Secondly, hummus is really easy to prepare. All you need are a few pantry staples, and basic equipment. Last but not least, hummus is just delicious, which is probably the main reason why it has become so popular.
Many Middle Eastern recipes are based on centuries-old traditional methods. Authentic hummus only needs a few basic ingredients and is easy to prepare. Hummus is naturally vegetarian and vegan.
There are plenty of modern variations of this Arabic classic. I’ll show you the authentic hummus recipe that you’ll find in Jordan, Lebanon or Egypt.
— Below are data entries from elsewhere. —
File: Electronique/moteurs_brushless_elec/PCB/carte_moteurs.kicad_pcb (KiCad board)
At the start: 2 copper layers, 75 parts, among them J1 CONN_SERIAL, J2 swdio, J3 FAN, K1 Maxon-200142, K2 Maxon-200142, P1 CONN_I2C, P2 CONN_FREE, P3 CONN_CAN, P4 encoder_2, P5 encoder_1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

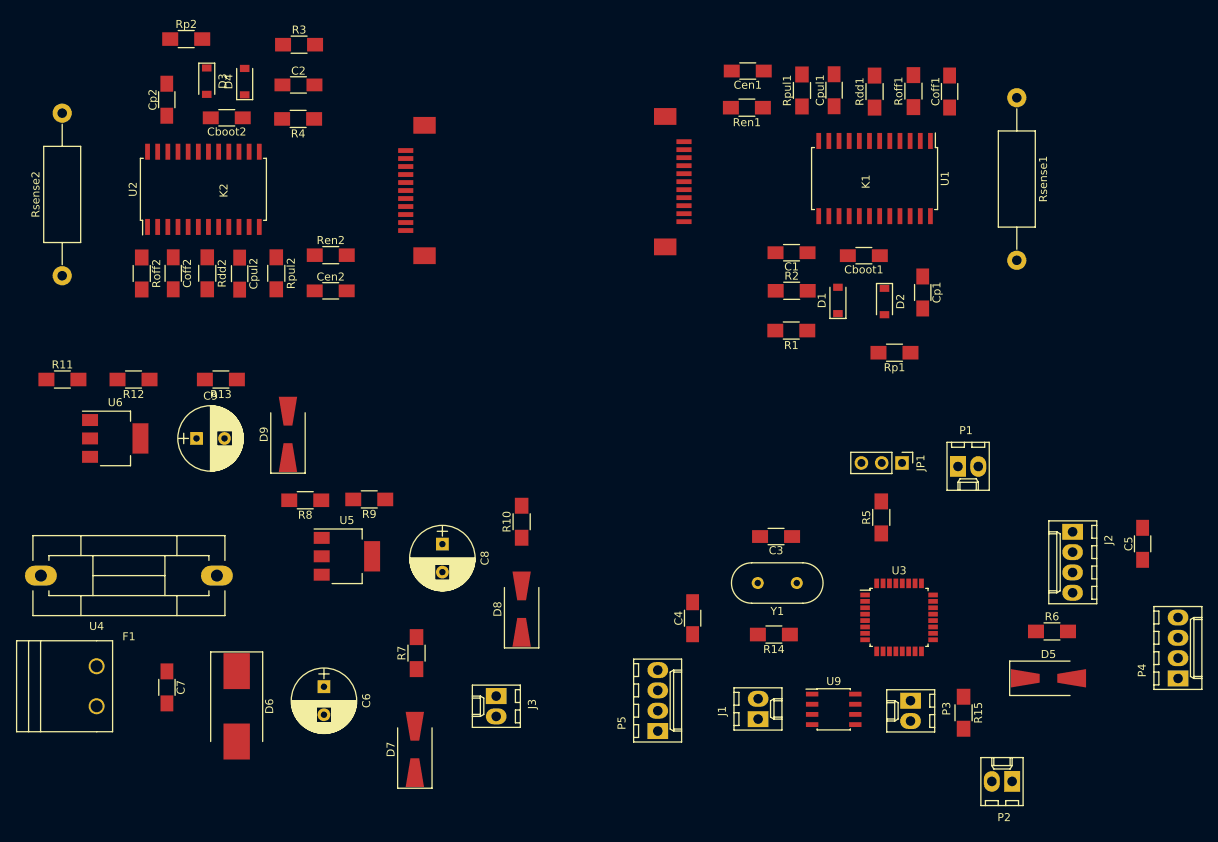
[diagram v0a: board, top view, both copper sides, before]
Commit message: debut routage brushless
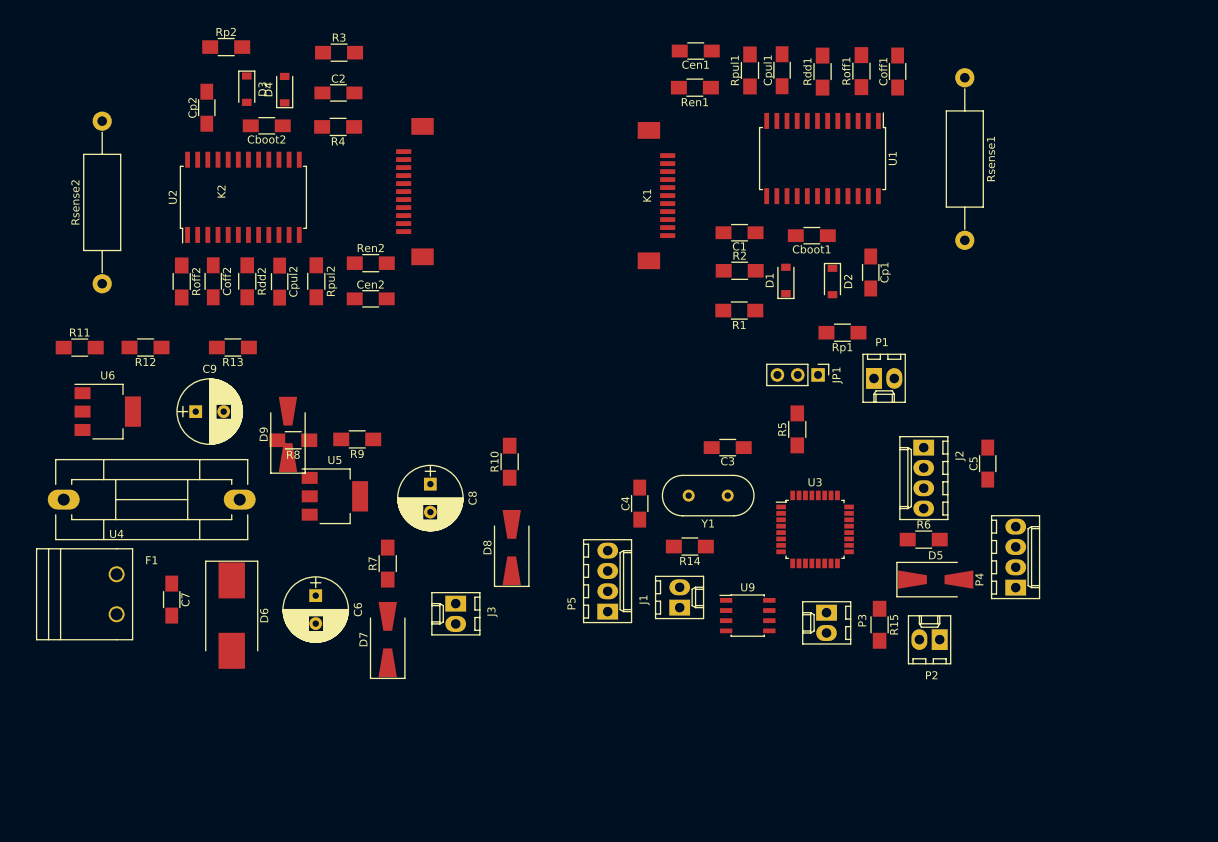
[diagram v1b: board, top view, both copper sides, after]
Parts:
- moved P4 23.3 mm to (140.5, 120.5)
- moved C5 21.8 mm to (137.0, 105.0)
- moved J2 21.4 mm to (129.0, 103.0)
- moved P2 19.9 mm to (131.0, 127.0)
- moved R6 19.7 mm to (129.0, 114.5)
- moved D5 18.7 mm to (130.5, 119.5)
- moved J1 17.0 mm to (98.5, 123.0)
- moved P5 16.2 mm to (89.5, 123.5)
- moved U9 15.9 mm to (107.0, 124.0)
- moved C4 15.8 mm to (93.5, 110.0)
- moved P1 15.2 mm to (122.8, 94.4)
- moved JP1 15.2 mm to (115.8, 93.9)
- moved P3 15.2 mm to (116.9, 123.6)
- moved R14 15.2 mm to (99.8, 115.4)
- moved R5 15.2 mm to (113.2, 100.7)
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
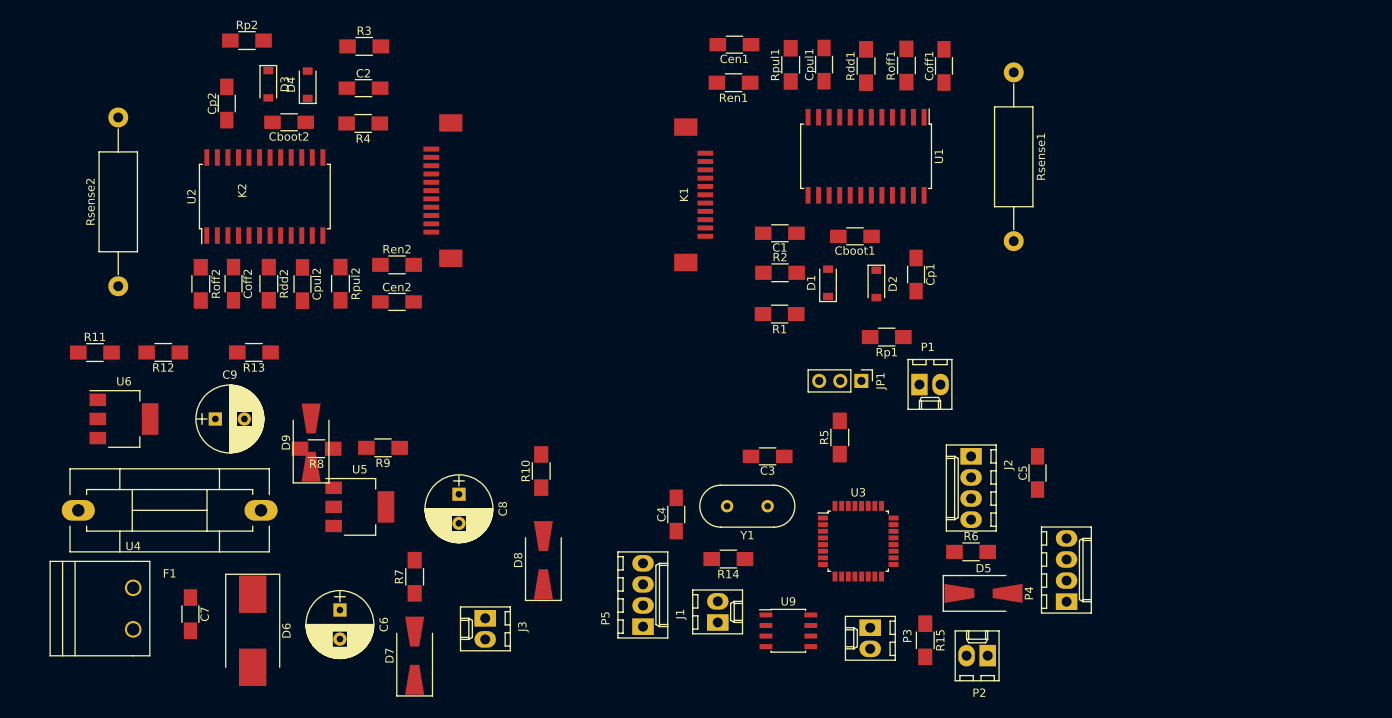
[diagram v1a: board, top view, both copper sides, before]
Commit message: placement brushless
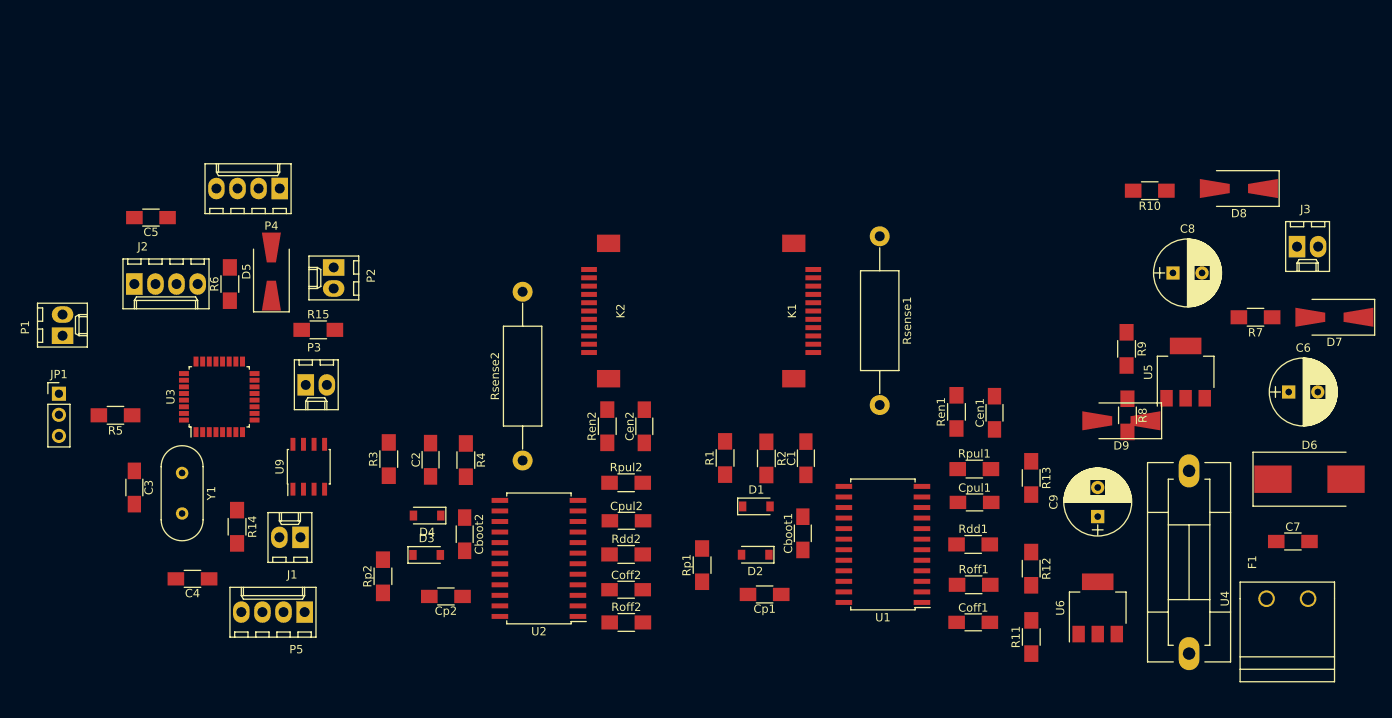
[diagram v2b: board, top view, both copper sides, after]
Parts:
- moved U4 139.0 mm to (167.1, 120.1), turned to 90 degrees
- moved C7 133.0 mm to (167.8, 113.2), turned to 0 degrees
- moved D6 128.6 mm to (169.8, 105.8), turned to 0 degrees
- moved U6 119.4 mm to (144.2, 121.2), turned to 90 degrees
- moved D7 118.0 mm to (172.8, 86.2), turned to 180 degrees
- moved R11 117.8 mm to (136.2, 124.8), turned to 90 degrees
- moved C6 117.2 mm to (167.2, 95.2), turned to 0 degrees
- moved F1 111.9 mm to (155.2, 104.8), turned to 270 degrees
- moved C5 111.1 mm to (30.2, 74.2), turned to 180 degrees
- moved R12 107.7 mm to (136.2, 116.5), turned to 270 degrees
- moved J3 107.5 mm to (168.2, 77.8), turned to 0 degrees
- moved P4 107.0 mm to (45.8, 70.8), turned to 180 degrees
- moved C9 106.9 mm to (144.2, 110.2), turned to 90 degrees
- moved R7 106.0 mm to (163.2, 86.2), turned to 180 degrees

- Dried Chickpeas: The key to authentic hummus are dried chickpeas. While canned chickpeas will work out for this recipe, I cannot emphasize this enough: use dried chickpeas for the best hummus. They need to be soaked overnight (at least 12 hours, better 20-24), and then boiled for about 1.5 hours. While this might seem a little tedious, it will be worth it. Trust me.
- Tahini: The second key ingredient to Middle Eastern hummus is tahini. Tahini is a creamy paste made from ground sesame. While sesame (similar to nuts) are naturally high in oil, tahini is high in antioxidants, vitamin B and E and healthy fats. It’s also known for its high anti-inflammatory properties and other health benefits. There are plenty of reasons to include tahini in your diet – and hummus is a perfect way to do so. Make sure to use a high-quality tahini.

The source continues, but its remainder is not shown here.